Poetry of News

There is a certain poetry to newswriting that’s not readily apparent to its readers — and perhaps not even to its practitioners.

This derives in large part, I think, from the absurdity inherent in exchanging six to eight hours a day for six to eight hundred words a story which will be forgotten by next week.

It’s the game of Reality Creation, newsriting is. My job is to tell you what happened in a place you didn’t see. Though I labor to get it right (literally, with sweat and grunting and everything), my account is necessarily incomplete and should be taken with a grain of salt. (As should everyone else’s, of course: including yours.)

This is, to me, a Most Sacred Game. There is adrenaline and drudgery and laughter, an unspoken trust, the agonies of ignorance and the illusion of omniscience. The greatest challenge is in sifting through my immediate experience to share the highlights. So much gets left on the cutting room floor:

  • The moment of communicating to a bystander/potential interviewee that you know that they know It’s That Situation — and that since it’s obvious let’s see what happens.
  • Standing in front of a crime-scene house.

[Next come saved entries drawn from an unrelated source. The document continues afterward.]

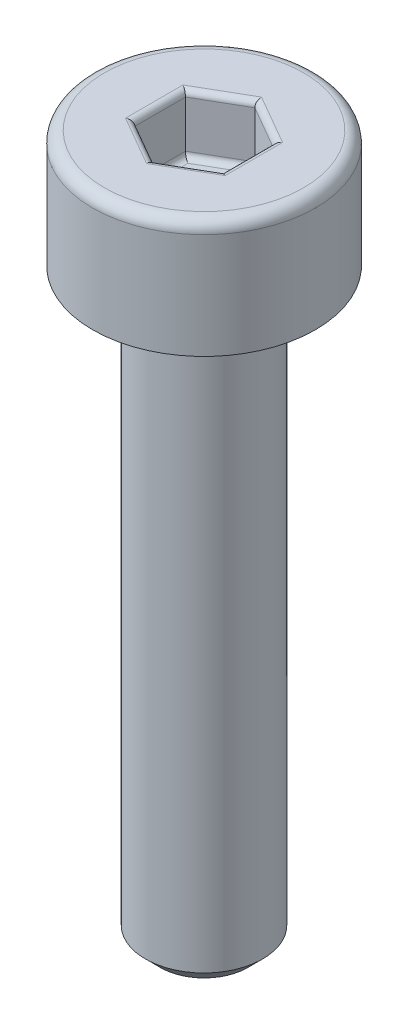
ISO-10303-21;
HEADER;
FILE_DESCRIPTION(('STEP AP214'),'2;1');
FILE_NAME('part.step','',(''),(''),'','','');
FILE_SCHEMA(('AUTOMOTIVE_DESIGN { 1 0 10303 214 1 1 1 1 }'));
ENDSEC;
DATA;
#1=APPLICATION_CONTEXT('core data for automotive mechanical design processes');
#2=APPLICATION_PROTOCOL_DEFINITION('international standard','automotive_design',2000,#1);
#3=PRODUCT_CONTEXT('',#1,'mechanical');
#4=PRODUCT('Part','Part','',(#3));
#5=PRODUCT_RELATED_PRODUCT_CATEGORY('part','',(#4));
#6=PRODUCT_DEFINITION_FORMATION('','',#4);
#7=PRODUCT_DEFINITION_CONTEXT('part definition',#1,'design');
#8=PRODUCT_DEFINITION('design','',#6,#7);
#9=PRODUCT_DEFINITION_SHAPE('','',#8);
#10=(LENGTH_UNIT() NAMED_UNIT(*) SI_UNIT(.MILLI.,.METRE.));
#11=(NAMED_UNIT(*) PLANE_ANGLE_UNIT() SI_UNIT($,.RADIAN.));
#12=(NAMED_UNIT(*) SI_UNIT($,.STERADIAN.) SOLID_ANGLE_UNIT());
#13=UNCERTAINTY_MEASURE_WITH_UNIT(LENGTH_MEASURE(1.E-05),#10,'distance_accuracy_value','');
#14=(GEOMETRIC_REPRESENTATION_CONTEXT(3) GLOBAL_UNCERTAINTY_ASSIGNED_CONTEXT((#13)) GLOBAL_UNIT_ASSIGNED_CONTEXT((#10,
#11,#12)) REPRESENTATION_CONTEXT('',''));
#15=CARTESIAN_POINT('',(0.,0.,0.));
#16=DIRECTION('',(0.,0.,1.));
#17=DIRECTION('',(1.,0.,0.));
#18=AXIS2_PLACEMENT_3D('',#15,#16,#17);
#19=CARTESIAN_POINT('',(0.,-12.,0.));
#20=DIRECTION('',(0.,-1.,0.));
#21=DIRECTION('',(0.,0.,-1.));
#22=AXIS2_PLACEMENT_3D('',#19,#20,#21);
#23=PLANE('',#22);
#24=CARTESIAN_POINT('',(0.,-12.,0.));
#25=DIRECTION('',(0.,-1.,0.));
#26=DIRECTION('',(0.,0.,-1.));
#27=AXIS2_PLACEMENT_3D('',#24,#25,#26);
#28=CIRCLE('',#27,0.749999999999995);
#29=CARTESIAN_POINT('',(0.,-12.,-0.749999999999995));
#30=VERTEX_POINT('',#29);
#31=EDGE_CURVE('E262',#30,#30,#28,.T.);
#32=ORIENTED_EDGE('',*,*,#31,.T.);
#33=EDGE_LOOP('',(#32));
#34=FACE_BOUND('',#33,.T.);
#35=ADVANCED_FACE('F34',(#34),#23,.T.);
#36=CARTESIAN_POINT('',(0.,0.,0.));
#37=DIRECTION('',(0.,1.,0.));
#38=DIRECTION('',(0.,0.,1.));
#39=AXIS2_PLACEMENT_3D('',#36,#37,#38);
#40=CYLINDRICAL_SURFACE('',#39,0.999999999999995);
#41=CARTESIAN_POINT('',(0.,-2.25,0.));
#42=DIRECTION('',(0.,-1.,0.));
#43=DIRECTION('',(0.,0.,-1.));
#44=AXIS2_PLACEMENT_3D('',#41,#42,#43);
#45=CIRCLE('',#44,0.999999999999995);
#46=CARTESIAN_POINT('',(0.,-2.25,-0.999999999999995));
#47=VERTEX_POINT('',#46);
#48=EDGE_CURVE('E259',#47,#47,#45,.T.);
#49=ORIENTED_EDGE('',*,*,#48,.T.);
#50=EDGE_LOOP('',(#49));
#51=FACE_BOUND('',#50,.T.);
#52=CARTESIAN_POINT('',(0.,-11.75,0.));
#53=DIRECTION('',(0.,-1.,0.));
#54=DIRECTION('',(0.,0.,-1.));
#55=AXIS2_PLACEMENT_3D('',#52,#53,#54);
#56=CIRCLE('',#55,0.999999999999995);
#57=CARTESIAN_POINT('',(0.,-11.75,-0.999999999999995));
#58=VERTEX_POINT('',#57);
#59=EDGE_CURVE('E256',#58,#58,#56,.F.);
#60=ORIENTED_EDGE('',*,*,#59,.T.);
#61=EDGE_LOOP('',(#60));
#62=FACE_BOUND('',#61,.T.);
#63=ADVANCED_FACE('F288',(#51,#62),#40,.T.);
#64=CARTESIAN_POINT('',(-0.999999999999995,-2.,0.));
#65=DIRECTION('',(0.,-1.,0.));
#66=DIRECTION('',(0.,0.,-1.));
#67=AXIS2_PLACEMENT_3D('',#64,#65,#66);
#68=PLANE('',#67);
#69=CARTESIAN_POINT('',(0.,-2.,0.));
#70=DIRECTION('',(0.,-1.,0.));
#71=DIRECTION('',(0.,0.,-1.));
#72=AXIS2_PLACEMENT_3D('',#69,#70,#71);
#73=CIRCLE('',#72,1.25);
#74=CARTESIAN_POINT('',(0.,-2.,-1.25));
#75=VERTEX_POINT('',#74);
#76=EDGE_CURVE('E253',#75,#75,#73,.F.);
#77=ORIENTED_EDGE('',*,*,#76,.T.);
#78=EDGE_LOOP('',(#77));
#79=FACE_BOUND('',#78,.T.);
#80=CARTESIAN_POINT('',(0.,-2.,0.));
#81=DIRECTION('',(0.,1.,0.));
#82=DIRECTION('',(0.,0.,1.));
#83=AXIS2_PLACEMENT_3D('',#80,#81,#82);
#84=CIRCLE('',#83,1.9);
#85=CARTESIAN_POINT('',(0.,-2.,1.9));
#86=VERTEX_POINT('',#85);
#87=EDGE_CURVE('E250',#86,#86,#84,.T.);
#88=ORIENTED_EDGE('',*,*,#87,.F.);
#89=EDGE_LOOP('',(#88));
#90=FACE_BOUND('',#89,.T.);
#91=ADVANCED_FACE('F294',(#79,#90),#68,.T.);
#92=CARTESIAN_POINT('',(0.,0.,0.));
#93=DIRECTION('',(0.,1.,0.));
#94=DIRECTION('',(0.,0.,1.));
#95=AXIS2_PLACEMENT_3D('',#92,#93,#94);
#96=CYLINDRICAL_SURFACE('',#95,1.9);
#97=CARTESIAN_POINT('',(0.,-0.2,0.));
#98=DIRECTION('',(0.,1.,0.));
#99=DIRECTION('',(0.,0.,1.));
#100=AXIS2_PLACEMENT_3D('',#97,#98,#99);
#101=CIRCLE('',#100,1.9);
#102=CARTESIAN_POINT('',(0.,-0.2,1.9));
#103=VERTEX_POINT('',#102);
#104=EDGE_CURVE('E160',#103,#103,#101,.F.);
#105=ORIENTED_EDGE('',*,*,#104,.T.);
#106=EDGE_LOOP('',(#105));
#107=FACE_BOUND('',#106,.T.);
#108=ORIENTED_EDGE('',*,*,#87,.T.);
#109=EDGE_LOOP('',(#108));
#110=FACE_BOUND('',#109,.T.);
#111=ADVANCED_FACE('F304',(#107,#110),#96,.T.);
#112=CARTESIAN_POINT('',(-1.9,0.,0.));
#113=DIRECTION('',(0.,1.,0.));
#114=DIRECTION('',(0.,0.,1.));
#115=AXIS2_PLACEMENT_3D('',#112,#113,#114);
#116=PLANE('',#115);
#117=DIRECTION('',(0.,0.,1.));
#118=VECTOR('',#117,1.);
#119=CARTESIAN_POINT('',(-0.850000000000001,0.,-0.433012701892221));
#120=LINE('',#119,#118);
#121=CARTESIAN_POINT('',(-0.850000000000001,0.,0.490747728811181));
#122=VERTEX_POINT('',#121);
#123=CARTESIAN_POINT('',(-0.850000000000001,0.,-0.490747728811183));
#124=VERTEX_POINT('',#123);
#125=EDGE_CURVE('E176',#122,#124,#120,.F.);
#126=ORIENTED_EDGE('',*,*,#125,.T.);
#127=DIRECTION('',(-0.866025403784438,0.,0.500000000000001));
#128=VECTOR('',#127,1.);
#129=CARTESIAN_POINT('',(-0.0500000000000018,0.,-0.952627944162884));
#130=LINE('',#129,#128);
#131=CARTESIAN_POINT('',(0.,0.,-0.981495457622365));
#132=VERTEX_POINT('',#131);
#133=EDGE_CURVE('E135',#124,#132,#130,.F.);
#134=ORIENTED_EDGE('',*,*,#133,.T.);
#135=DIRECTION('',(-0.866025403784439,0.,-0.5));
#136=VECTOR('',#135,1.);
#137=CARTESIAN_POINT('',(0.799999999999999,0.,-0.519615242270664));
#138=LINE('',#137,#136);
#139=CARTESIAN_POINT('',(0.849999999999999,0.,-0.490747728811183));
#140=VERTEX_POINT('',#139);
#141=EDGE_CURVE('E162',#132,#140,#138,.F.);
#142=ORIENTED_EDGE('',*,*,#141,.T.);
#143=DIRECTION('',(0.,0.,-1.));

A shotgun murder occurred in the back of the house, and all I could see of the crime scene were the eyes and faces of the four deputies in the backyard.
  • The wave of relieved wonder (and cooing) that rolls through a group of humans who’ve waited two tense hours to see the mountain lion finally sedated — and healthy.
  • The satisfaction of flashing a press pass and continuing on unimpeded.
  • The vocal nuances peculiar to those first learning what one does for a living.
  • Two other nuances: those who suddenly find themselves “on the record” and those who, gratefully, do not.
  • Yet another: those whose unwilling investment in the bank of public notice has paid unwelcome returns.
  • The unrelenting and inescapable terror of Getting It Wrong — or worse, not being aware enough to Get It Right In The First Place.

There is no other buzz quite like it. I heartily recommend it to everyone — and most especially, its detractors.

“As I look back over a misspent life, I find myself more and more convinced that I had more fun doing news reporting than in any other enterprise. It is really the life of kings.”